Now, I am still banned from lifting any heavy weights but that didn’t mean I have to stop completely. I found using the lateral pulldown machine and low row were perfect for keeping my back from getting too tired and niggly. With low weights, low reps/sets and a longer break in between each round it worked perfectly. You see I didn’t have to lift anything heavy to have a workout.

Bands

And no I don’t mean the ones in the top forty music chart. I mean resistance bands. These are a fantastic way of training when you need to slow things down and concentrate on the deeper muscles. Now I prefer my training to be fast, moving in all directions and breaking a sweat. Something that I am not going to get with resistance bands in a rehab setting. I had to slow it right down and concentrate on activating the muscles which needed attention. This was mainly my back and will shortly involve me core muscles too.

My core

My core work can start now as well. However, my five minute plank will have to wait. I need to start with the basics and the regressions of most core moves. It means I will have to separate out my upper core muscles, lower and obliques (they live on the sides) and concentrate on activating each to get them strong again.

My mental health

Why am I keeping so active? That is a good question. First of all I point out my blog called “sitting still is tricky!”. That sentence says it all really. I find it really hard to sit still and do nothing. The idea of a beach holiday, reading a book, drinking an ice cold drink and so on scares me.
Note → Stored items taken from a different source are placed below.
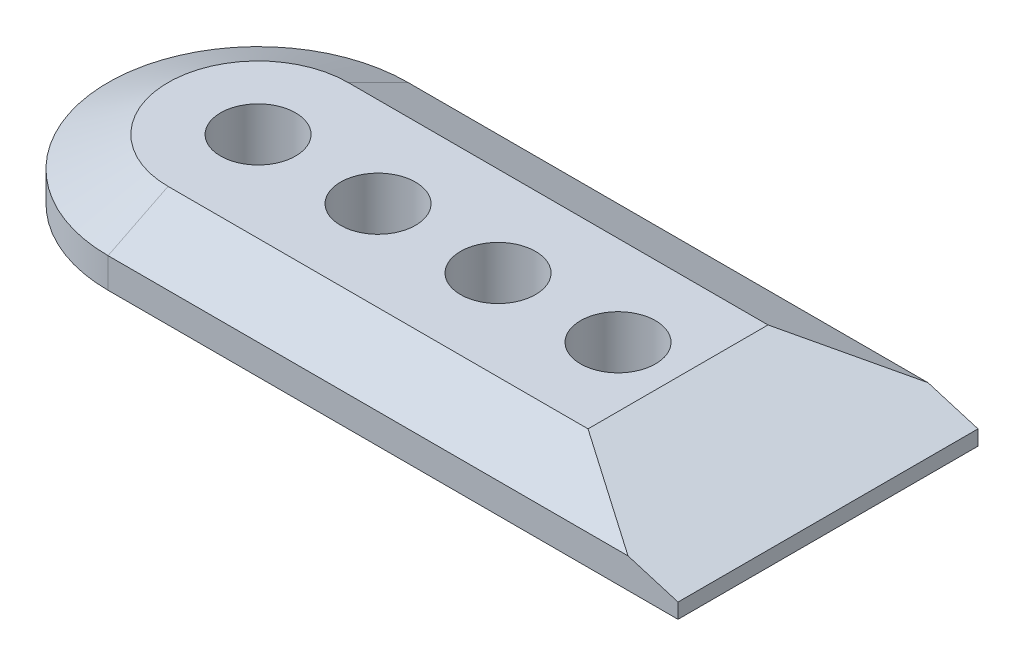
ISO-10303-21;
HEADER;
FILE_DESCRIPTION(('STEP AP214'),'2;1');
FILE_NAME('part.step','',(''),(''),'','','');
FILE_SCHEMA(('AUTOMOTIVE_DESIGN { 1 0 10303 214 1 1 1 1 }'));
ENDSEC;
DATA;
#1=APPLICATION_CONTEXT('core data for automotive mechanical design processes');
#2=APPLICATION_PROTOCOL_DEFINITION('international standard','automotive_design',2000,#1);
#3=PRODUCT_CONTEXT('',#1,'mechanical');
#4=PRODUCT('Part','Part','',(#3));
#5=PRODUCT_RELATED_PRODUCT_CATEGORY('part','',(#4));
#6=PRODUCT_DEFINITION_FORMATION('','',#4);
#7=PRODUCT_DEFINITION_CONTEXT('part definition',#1,'design');
#8=PRODUCT_DEFINITION('design','',#6,#7);
#9=PRODUCT_DEFINITION_SHAPE('','',#8);
#10=(LENGTH_UNIT() NAMED_UNIT(*) SI_UNIT(.MILLI.,.METRE.));
#11=(NAMED_UNIT(*) PLANE_ANGLE_UNIT() SI_UNIT($,.RADIAN.));
#12=(NAMED_UNIT(*) SI_UNIT($,.STERADIAN.) SOLID_ANGLE_UNIT());
#13=UNCERTAINTY_MEASURE_WITH_UNIT(LENGTH_MEASURE(1.E-05),#10,'distance_accuracy_value','');
#14=(GEOMETRIC_REPRESENTATION_CONTEXT(3) GLOBAL_UNCERTAINTY_ASSIGNED_CONTEXT((#13)) GLOBAL_UNIT_ASSIGNED_CONTEXT((#10,
#11,#12)) REPRESENTATION_CONTEXT('',''));
#15=CARTESIAN_POINT('',(0.,0.,0.));
#16=DIRECTION('',(0.,0.,1.));
#17=DIRECTION('',(1.,0.,0.));
#18=AXIS2_PLACEMENT_3D('',#15,#16,#17);
#19=CARTESIAN_POINT('',(0.,12.7,0.));
#20=DIRECTION('',(0.,-1.,0.));
#21=DIRECTION('',(0.,0.,-1.));
#22=AXIS2_PLACEMENT_3D('',#19,#20,#21);
#23=CYLINDRICAL_SURFACE('',#22,31.7500000000001);
#24=DIRECTION('',(0.,-1.,0.));
#25=VECTOR('',#24,1.);
#26=CARTESIAN_POINT('',(4.34453754557068E-06,12.7,31.75));
#27=LINE('',#26,#25);
#28=CARTESIAN_POINT('',(4.34453754557068E-06,6.34999999999999,31.75));
#29=VERTEX_POINT('',#28);
#30=CARTESIAN_POINT('',(4.34453754557068E-06,0.,31.75));
#31=VERTEX_POINT('',#30);
#32=EDGE_CURVE('E100',#29,#31,#27,.T.);
#33=ORIENTED_EDGE('',*,*,#32,.F.);
#34=CARTESIAN_POINT('',(0.,6.34999999999999,0.));
#35=DIRECTION('',(0.,-1.,0.));
#36=DIRECTION('',(0.,0.,-1.));
#37=AXIS2_PLACEMENT_3D('',#34,#35,#36);
#38=CIRCLE('',#37,31.7500000000001);
#39=CARTESIAN_POINT('',(0.,6.34999999999999,-31.75));
#40=VERTEX_POINT('',#39);
#41=EDGE_CURVE('E161',#29,#40,#38,.T.);
#42=ORIENTED_EDGE('',*,*,#41,.T.);
#43=DIRECTION('',(0.,-1.,0.));
#44=VECTOR('',#43,1.);
#45=CARTESIAN_POINT('',(0.,12.7,-31.75));
#46=LINE('',#45,#44);
#47=CARTESIAN_POINT('',(0.,0.,-31.75));
#48=VERTEX_POINT('',#47);
#49=EDGE_CURVE('E123',#40,#48,#46,.T.);
#50=ORIENTED_EDGE('',*,*,#49,.T.);
#51=CARTESIAN_POINT('',(0.,0.,0.));
#52=DIRECTION('',(0.,1.,0.));
#53=DIRECTION('',(0.,0.,-1.));
#54=AXIS2_PLACEMENT_3D('',#51,#52,#53);
#55=CIRCLE('',#54,31.7500000000001);
#56=EDGE_CURVE('E117',#48,#31,#55,.T.);
#57=ORIENTED_EDGE('',*,*,#56,.T.);
#58=EDGE_LOOP('',(#33,#42,#50,#57));
#59=FACE_BOUND('',#58,.T.);
#60=ADVANCED_FACE('F41',(#59),#23,.T.);
#61=CARTESIAN_POINT('',(4.34453754557068E-06,12.7,31.75));
#62=DIRECTION('',(0.,0.,-1.));
#63=DIRECTION('',(-1.,0.,0.));
#64=AXIS2_PLACEMENT_3D('',#61,#62,#63);
#65=PLANE('',#64);
#66=DIRECTION('',(0.,-1.,0.));
#67=VECTOR('',#66,1.);
#68=CARTESIAN_POINT('',(120.650004344538,12.7,31.75));
#69=LINE('',#68,#67);
#70=CARTESIAN_POINT('',(120.650004344538,3.17499999999999,31.75));
#71=VERTEX_POINT('',#70);
#72=CARTESIAN_POINT('',(120.650004344538,0.,31.75));
#73=VERTEX_POINT('',#72);
#74=EDGE_CURVE('E111',#71,#73,#69,.T.);
#75=ORIENTED_EDGE('',*,*,#74,.F.);
#76=DIRECTION('',(0.957826285221152,-0.287347885566343,0.));
#77=VECTOR('',#76,1.);
#78=CARTESIAN_POINT('',(88.9000043445372,12.7,31.75));
#79=LINE('',#78,#77);
#80=CARTESIAN_POINT('',(110.066671011204,6.34999999999999,31.75));
#81=VERTEX_POINT('',#80);
#82=EDGE_CURVE('E51',#71,#81,#79,.F.);
#83=ORIENTED_EDGE('',*,*,#82,.T.);
#84=DIRECTION('',(-1.,0.,0.));
#85=VECTOR('',#84,1.);
#86=CARTESIAN_POINT('',(4.34453754557068E-06,6.34999999999999,31.75));
#87=LINE('',#86,#85);
#88=EDGE_CURVE('E105',#81,#29,#87,.T.);
#89=ORIENTED_EDGE('',*,*,#88,.T.);
#90=ORIENTED_EDGE('',*,*,#32,.T.);
#91=DIRECTION('',(1.,0.,0.));
#92=VECTOR('',#91,1.);
#93=CARTESIAN_POINT('',(4.34453754557068E-06,0.,31.75));
#94=LINE('',#93,#92);
#95=EDGE_CURVE('E103',#31,#73,#94,.T.);
#96=ORIENTED_EDGE('',*,*,#95,.T.);
#97=EDGE_LOOP('',(#75,#83,#89,#90,#96));
#98=FACE_BOUND('',#97,.T.);
#99=ADVANCED_FACE('F102',(#98),#65,.F.);
#100=CARTESIAN_POINT('',(120.650004344538,12.7,31.75));
#101=DIRECTION('',(-1.,0.,0.));
#102=DIRECTION('',(0.,0.,1.));
#103=AXIS2_PLACEMENT_3D('',#100,#101,#102);
#104=PLANE('',#103);
#105=DIRECTION('',(0.,-1.,0.));
#106=VECTOR('',#105,1.);
#107=CARTESIAN_POINT('',(120.650004344538,12.7,-31.75));
#108=LINE('',#107,#106);
#109=CARTESIAN_POINT('',(120.650004344538,3.17499999999999,-31.75));
#110=VERTEX_POINT('',#109);
#111=CARTESIAN_POINT('',(120.650004344538,0.,-31.75));
#112=VERTEX_POINT('',#111);
#113=EDGE_CURVE('E143',#110,#112,#108,.T.);
#114=ORIENTED_EDGE('',*,*,#113,.F.);
#115=DIRECTION('',(0.,0.,1.));
#116=VECTOR('',#115,1.);
#117=CARTESIAN_POINT('',(120.650004344538,3.17499999999999,31.75));
#118=LINE('',#117,#116);
#119=EDGE_CURVE('E65',#110,#71,#118,.T.);
#120=ORIENTED_EDGE('',*,*,#119,.T.);
#121=ORIENTED_EDGE('',*,*,#74,.T.);
#122=DIRECTION('',(0.,0.,-1.));
#123=VECTOR('',#122,1.);
#124=CARTESIAN_POINT('',(120.650004344538,0.,31.75));
#125=LINE('',#124,#123);
#126=EDGE_CURVE('E119',#73,#112,#125,.T.);
#127=ORIENTED_EDGE('',*,*,#126,.T.);
#128=EDGE_LOOP('',(#114,#120,#121,#127));
#129=FACE_BOUND('',#128,.T.);
#130=ADVANCED_FACE('F187',(#129),#104,.F.);
#131=CARTESIAN_POINT('',(120.650004344538,12.7,-31.75));
#132=DIRECTION('',(0.,0.,1.));
#133=DIRECTION('',(1.,0.,0.));
#134=AXIS2_PLACEMENT_3D('',#131,#132,#133);
#135=PLANE('',#134);
#136=DIRECTION('',(1.,0.,0.));
#137=VECTOR('',#136,1.);
#138=CARTESIAN_POINT('',(120.650004344538,6.34999999999999,-31.75));
#139=LINE('',#138,#137);
#140=CARTESIAN_POINT('',(110.066671011204,6.34999999999999,-31.75));
#141=VERTEX_POINT('',#140);
#142=EDGE_CURVE('E157',#40,#141,#139,.T.);
#143=ORIENTED_EDGE('',*,*,#142,.T.);
#144=DIRECTION('',(-0.957826285221152,0.287347885566343,0.));
#145=VECTOR('',#144,1.);
#146=CARTESIAN_POINT('',(88.9000043445372,12.7,-31.75));
#147=LINE('',#146,#145);
#148=EDGE_CURVE('E177',#141,#110,#147,.F.);
#149=ORIENTED_EDGE('',*,*,#148,.T.);
#150=ORIENTED_EDGE('',*,*,#113,.T.);
#151=DIRECTION('',(-1.,0.,0.));
#152=VECTOR('',#151,1.);
#153=CARTESIAN_POINT('',(120.650004344538,0.,-31.75));
#154=LINE('',#153,#152);
#155=EDGE_CURVE('E138',#112,#48,#154,.T.);
#156=ORIENTED_EDGE('',*,*,#155,.T.);
#157=ORIENTED_EDGE('',*,*,#49,.F.);
#158=EDGE_LOOP('',(#143,#149,#150,#156,#157));
#159=FACE_BOUND('',#158,.T.);
#160=ADVANCED_FACE('F184',(#159),#135,.F.);
#161=CARTESIAN_POINT('',(0.,12.7,0.));
#162=DIRECTION('',(0.,-1.,0.));
#163=DIRECTION('',(0.,0.,-1.));
#164=AXIS2_PLACEMENT_3D('',#161,#162,#163);
#165=PLANE('',#164);
#166=CARTESIAN_POINT('',(0.,12.7,0.));
#167=DIRECTION('',(0.,1.,0.));
#168=DIRECTION('',(0.,0.,1.));
#169=AXIS2_PLACEMENT_3D('',#166,#167,#168);
#170=CIRCLE('',#169,7.9375);
#171=CARTESIAN_POINT('',(0.,12.7,7.9375));
#172=VERTEX_POINT('',#171);
#173=EDGE_CURVE('E169',#172,#172,#170,.T.);
#174=ORIENTED_EDGE('',*,*,#173,.F.);
#175=EDGE_LOOP('',(#174));
#176=FACE_BOUND('',#175,.T.);
#177=CARTESIAN_POINT('',(25.4,12.7,0.));
#178=DIRECTION('',(0.,1.,0.));
#179=DIRECTION('',(0.,0.,1.));
#180=AXIS2_PLACEMENT_3D('',#177,#178,#179);
#181=CIRCLE('',#180,7.9375);
#182=CARTESIAN_POINT('',(25.4,12.7,7.9375));
#183=VERTEX_POINT('',#182);
#184=EDGE_CURVE('E252',#183,#183,#181,.T.);
#185=ORIENTED_EDGE('',*,*,#184,.F.);
#186=EDGE_LOOP('',(#185));
#187=FACE_BOUND('',#186,.T.);
#188=CARTESIAN_POINT('',(50.8,12.7,0.));
#189=DIRECTION('',(0.,1.,0.));
#190=DIRECTION('',(0.,0.,1.));
#191=AXIS2_PLACEMENT_3D('',#188,#189,#190);
#192=CIRCLE('',#191,7.9375);
#193=CARTESIAN_POINT('',(50.8,12.7,7.9375));
#194=VERTEX_POINT('',#193);
#195=EDGE_CURVE('E264',#194,#194,#192,.T.);
#196=ORIENTED_EDGE('',*,*,#195,.F.);
#197=EDGE_LOOP('',(#196));
#198=FACE_BOUND('',#197,.T.);
#199=CARTESIAN_POINT('',(76.2,12.7,0.));
#200=DIRECTION('',(0.,1.,0.));
#201=DIRECTION('',(0.,0.,1.));
#202=AXIS2_PLACEMENT_3D('',#199,#200,#201);
#203=CIRCLE('',#202,7.93749999999999);
#204=CARTESIAN_POINT('',(76.2,12.7,7.93749999999999));
#205=VERTEX_POINT('',#204);
#206=EDGE_CURVE('E271',#205,#205,#203,.T.);
#207=ORIENTED_EDGE('',*,*,#206,.F.);
#208=EDGE_LOOP('',(#207));
#209=FACE_BOUND('',#208,.T.);
#210=DIRECTION('',(1.,0.,0.));
#211=VECTOR('',#210,1.);
#212=CARTESIAN_POINT('',(0.,12.7,19.0499999999999));
#213=LINE('',#212,#211);
#214=CARTESIAN_POINT('',(2.6067225273424E-06,12.7,19.0499999999999));
#215=VERTEX_POINT('',#214);
#216=CARTESIAN_POINT('',(88.9000043445372,12.7,19.05));
#217=VERTEX_POINT('',#216);
#218=EDGE_CURVE('E110',#215,#217,#213,.T.);
#219=ORIENTED_EDGE('',*,*,#218,.T.);
#220=DIRECTION('',(0.,0.,-1.));
#221=VECTOR('',#220,1.);
#222=CARTESIAN_POINT('',(88.9000043445372,12.7,0.));
#223=LINE('',#222,#221);
#224=CARTESIAN_POINT('',(88.9000043445372,12.7,-19.05));
#225=VERTEX_POINT('',#224);
#226=EDGE_CURVE('E166',#217,#225,#223,.T.);
#227=ORIENTED_EDGE('',*,*,#226,.T.);
#228=DIRECTION('',(-1.,0.,0.));
#229=VECTOR('',#228,1.);
#230=CARTESIAN_POINT('',(0.,12.7,-19.05));
#231=LINE('',#230,#229);
#232=CARTESIAN_POINT('',(0.,12.7,-19.0500000000001));
#233=VERTEX_POINT('',#232);
#234=EDGE_CURVE('E154',#225,#233,#231,.T.);
#235=ORIENTED_EDGE('',*,*,#234,.T.);
#236=CARTESIAN_POINT('',(0.,12.7,0.));
#237=DIRECTION('',(0.,-1.,0.));
#238=DIRECTION('',(0.,0.,-1.));
#239=AXIS2_PLACEMENT_3D('',#236,#237,#238);
#240=CIRCLE('',#239,19.0500000000001);
#241=EDGE_CURVE('E151',#233,#215,#240,.F.);
#242=ORIENTED_EDGE('',*,*,#241,.T.);
#243=EDGE_LOOP('',(#219,#227,#235,#242));
#244=FACE_BOUND('',#243,.T.);
#245=ADVANCED_FACE('F194',(#176,#187,#198,#209,#244),#165,.F.);
#246=CARTESIAN_POINT('',(0.,0.,0.));
#247=DIRECTION('',(0.,-1.,0.));
#248=DIRECTION('',(0.,0.,-1.));
#249=AXIS2_PLACEMENT_3D('',#246,#247,#248);
#250=PLANE('',#249);
#251=CARTESIAN_POINT('',(0.,0.,0.));
#252=DIRECTION('',(0.,1.,0.));
#253=DIRECTION('',(0.,0.,1.));
#254=AXIS2_PLACEMENT_3D('',#251,#252,#253);
#255=CIRCLE('',#254,7.9375);
#256=CARTESIAN_POINT('',(0.,0.,7.9375));
#257=VERTEX_POINT('',#256);
#258=EDGE_CURVE('E250',#257,#257,#255,.T.);
#259=ORIENTED_EDGE('',*,*,#258,.T.);
#260=EDGE_LOOP('',(#259));
#261=FACE_BOUND('',#260,.T.);
#262=CARTESIAN_POINT('',(25.4,0.,0.));
#263=DIRECTION('',(0.,1.,0.));
#264=DIRECTION('',(0.,0.,1.));
#265=AXIS2_PLACEMENT_3D('',#262,#263,#264);
#266=CIRCLE('',#265,7.9375);
#267=CARTESIAN_POINT('',(25.4,0.,7.9375));
#268=VERTEX_POINT('',#267);
#269=EDGE_CURVE('E258',#268,#268,#266,.T.);
#270=ORIENTED_EDGE('',*,*,#269,.T.);
#271=EDGE_LOOP('',(#270));
#272=FACE_BOUND('',#271,.T.);
#273=CARTESIAN_POINT('',(50.8,0.,0.));
#274=DIRECTION('',(0.,1.,0.));
#275=DIRECTION('',(0.,0.,1.));
#276=AXIS2_PLACEMENT_3D('',#273,#274,#275);
#277=CIRCLE('',#276,7.9375);
#278=CARTESIAN_POINT('',(50.8,0.,7.9375));
#279=VERTEX_POINT('',#278);
#280=EDGE_CURVE('E268',#279,#279,#277,.T.);
#281=ORIENTED_EDGE('',*,*,#280,.T.);
#282=EDGE_LOOP('',(#281));
#283=FACE_BOUND('',#282,.T.);
#284=CARTESIAN_POINT('',(76.2,0.,0.));
#285=DIRECTION('',(0.,1.,0.));
#286=DIRECTION('',(0.,0.,1.));
#287=AXIS2_PLACEMENT_3D('',#284,#285,#286);
#288=CIRCLE('',#287,7.93749999999999);
#289=CARTESIAN_POINT('',(76.2,0.,7.93749999999999));
#290=VERTEX_POINT('',#289);
#291=EDGE_CURVE('E133',#290,#290,#288,.T.);
#292=ORIENTED_EDGE('',*,*,#291,.T.);
#293=EDGE_LOOP('',(#292));
#294=FACE_BOUND('',#293,.T.);
#295=ORIENTED_EDGE('',*,*,#56,.F.);
#296=ORIENTED_EDGE('',*,*,#155,.F.);
#297=ORIENTED_EDGE('',*,*,#126,.F.);
#298=ORIENTED_EDGE('',*,*,#95,.F.);
#299=EDGE_LOOP('',(#295,#296,#297,#298));
#300=FACE_BOUND('',#299,.T.);
#301=ADVANCED_FACE('F115',(#261,#272,#283,#294,#300),#250,.T.);
#302=CARTESIAN_POINT('',(0.,12.7,19.0499999999999));
#303=DIRECTION('',(0.,-0.894427190999916,-0.447213595499957));
#304=DIRECTION('',(1.,0.,0.));
#305=AXIS2_PLACEMENT_3D('',#302,#303,#304);
#306=PLANE('',#305);
#307=ORIENTED_EDGE('',*,*,#88,.F.);
#308=DIRECTION('',(-0.830454798537402,0.249136439561218,-0.498272879122437));
#309=VECTOR('',#308,1.);
#310=CARTESIAN_POINT('',(27.5896565207181,31.0931043471455,-17.7362086942912));
#311=LINE('',#310,#309);
#312=EDGE_CURVE('E11',#81,#217,#311,.T.);
#313=ORIENTED_EDGE('',*,*,#312,.T.);
#314=ORIENTED_EDGE('',*,*,#218,.F.);
#315=DIRECTION('',(-1.22389685451288E-07,0.447213595499954,-0.89442719099991));
#316=VECTOR('',#315,1.);
#317=CARTESIAN_POINT('',(4.34453754557066E-06,6.34999999999999,31.75));
#318=LINE('',#317,#316);
#319=EDGE_CURVE('E126',#29,#215,#318,.T.);
#320=ORIENTED_EDGE('',*,*,#319,.F.);
#321=EDGE_LOOP('',(#307,#313,#314,#320));
#322=FACE_BOUND('',#321,.T.);
#323=ADVANCED_FACE('F192',(#322),#306,.F.);
#324=CARTESIAN_POINT('',(0.,12.7,0.));
#325=DIRECTION('',(0.,-1.,0.));
#326=DIRECTION('',(0.,0.,-1.));
#327=AXIS2_PLACEMENT_3D('',#324,#325,#326);
#328=CONICAL_SURFACE('',#327,19.0500000000001,1.10714871779409);
#329=ORIENTED_EDGE('',*,*,#319,.T.);
#330=ORIENTED_EDGE('',*,*,#241,.F.);
#331=DIRECTION('',(0.,0.447213595499957,0.894427190999916));
#332=VECTOR('',#331,1.);
#333=CARTESIAN_POINT('',(0.,6.34999999999999,-31.7500000000001));
#334=LINE('',#333,#332);
#335=EDGE_CURVE('E130',#40,#233,#334,.T.);
#336=ORIENTED_EDGE('',*,*,#335,.F.);
#337=ORIENTED_EDGE('',*,*,#41,.F.);
#338=EDGE_LOOP('',(#329,#330,#336,#337));
#339=FACE_BOUND('',#338,.T.);
#340=ADVANCED_FACE('F199',(#339),#328,.T.);
#341=CARTESIAN_POINT('',(0.,12.7,-19.05));
#342=DIRECTION('',(0.,-0.894427190999916,0.447213595499957));
#343=DIRECTION('',(-1.,0.,0.));
#344=AXIS2_PLACEMENT_3D('',#341,#342,#343);
#345=PLANE('',#344);
#346=ORIENTED_EDGE('',*,*,#234,.F.);
#347=DIRECTION('',(0.830454798537402,-0.249136439561218,-0.498272879122437));
#348=VECTOR('',#347,1.);
#349=CARTESIAN_POINT('',(27.5896565207181,31.0931043471455,17.7362086942912));
#350=LINE('',#349,#348);
#351=EDGE_CURVE('E174',#225,#141,#350,.T.);
#352=ORIENTED_EDGE('',*,*,#351,.T.);
#353=ORIENTED_EDGE('',*,*,#142,.F.);
#354=ORIENTED_EDGE('',*,*,#335,.T.);
#355=EDGE_LOOP('',(#346,#352,#353,#354));
#356=FACE_BOUND('',#355,.T.);
#357=ADVANCED_FACE('F202',(#356),#345,.F.);
#358=CARTESIAN_POINT('',(88.9000043445372,12.7,0.));
#359=DIRECTION('',(-0.287347885566343,-0.957826285221152,0.));
#360=DIRECTION('',(0.,0.,-1.));
#361=AXIS2_PLACEMENT_3D('',#358,#359,#360);
#362=PLANE('',#361);
#363=ORIENTED_EDGE('',*,*,#82,.F.);
#364=ORIENTED_EDGE('',*,*,#119,.F.);
#365=ORIENTED_EDGE('',*,*,#148,.F.);
#366=ORIENTED_EDGE('',*,*,#351,.F.);
#367=ORIENTED_EDGE('',*,*,#226,.F.);
#368=ORIENTED_EDGE('',*,*,#312,.F.);
#369=EDGE_LOOP('',(#363,#364,#365,#366,#367,#368));
#370=FACE_BOUND('',#369,.T.);
#371=ADVANCED_FACE('F44',(#370),#362,.F.);
#372=CARTESIAN_POINT('',(76.2,12.7,0.));
#373=DIRECTION('',(0.,-1.,0.));
#374=DIRECTION('',(0.,0.,-1.));
#375=AXIS2_PLACEMENT_3D('',#372,#373,#374);
#376=CYLINDRICAL_SURFACE('',#375,7.93749999999999);
#377=ORIENTED_EDGE('',*,*,#206,.T.);
#378=EDGE_LOOP('',(#377));
#379=FACE_BOUND('',#378,.T.);
#380=ORIENTED_EDGE('',*,*,#291,.F.);
#381=EDGE_LOOP('',(#380));
#382=FACE_BOUND('',#381,.T.);
#383=ADVANCED_FACE('F209',(#379,#382),#376,.F.);
#384=CARTESIAN_POINT('',(50.8,12.7,0.));
#385=DIRECTION('',(0.,-1.,0.));
#386=DIRECTION('',(0.,0.,-1.));
#387=AXIS2_PLACEMENT_3D('',#384,#385,#386);
#388=CYLINDRICAL_SURFACE('',#387,7.9375);
#389=ORIENTED_EDGE('',*,*,#195,.T.);
#390=EDGE_LOOP('',(#389));
#391=FACE_BOUND('',#390,.T.);
#392=ORIENTED_EDGE('',*,*,#280,.F.);
#393=EDGE_LOOP('',(#392));
#394=FACE_BOUND('',#393,.T.);
#395=ADVANCED_FACE('F231',(#391,#394),#388,.F.);
#396=CARTESIAN_POINT('',(25.4,12.7,0.));
#397=DIRECTION('',(0.,-1.,0.));
#398=DIRECTION('',(0.,0.,-1.));
#399=AXIS2_PLACEMENT_3D('',#396,#397,#398);
#400=CYLINDRICAL_SURFACE('',#399,7.9375);
#401=ORIENTED_EDGE('',*,*,#184,.T.);
#402=EDGE_LOOP('',(#401));
#403=FACE_BOUND('',#402,.T.);
#404=ORIENTED_EDGE('',*,*,#269,.F.);
#405=EDGE_LOOP('',(#404));
#406=FACE_BOUND('',#405,.T.);
#407=ADVANCED_FACE('F235',(#403,#406),#400,.F.);
#408=CARTESIAN_POINT('',(0.,12.7,0.));
#409=DIRECTION('',(0.,-1.,0.));
#410=DIRECTION('',(0.,0.,-1.));
#411=AXIS2_PLACEMENT_3D('',#408,#409,#410);
#412=CYLINDRICAL_SURFACE('',#411,7.9375);
#413=ORIENTED_EDGE('',*,*,#173,.T.);
#414=EDGE_LOOP('',(#413));
#415=FACE_BOUND('',#414,.T.);
#416=ORIENTED_EDGE('',*,*,#258,.F.);
#417=EDGE_LOOP('',(#416));
#418=FACE_BOUND('',#417,.T.);
#419=ADVANCED_FACE('F239',(#415,#418),#412,.F.);
#420=CLOSED_SHELL('',(#60,#99,#130,#160,#245,#301,#323,#340,#357,#371,#383,#395,#407,#419));
#421=MANIFOLD_SOLID_BREP('B2',#420);
#422=ADVANCED_BREP_SHAPE_REPRESENTATION('',(#18,#421),#14);
#423=SHAPE_DEFINITION_REPRESENTATION(#9,#422);
ENDSEC;
END-ISO-10303-21;

I am wanting to know what water sports are available, is there a bicycle track or even a walking track and when the next activity is. So you see my point. My mental health sitting still would get bored, frustrated, irritable and many other words to describe that. My mental health doing this kind of exercise is happy, less stressed, active and smiling. And that is my point. Active body equals happy mind.

Conclusion

I hope that has given you a little insight into my training as I rehab from my surgery. I feel the main point is you can work out to an extent post operation/illness/injury you just need to be careful (always double check if you are unsure). Feel free to ask me any questions, talk to your own GP or local gym and see what you can do.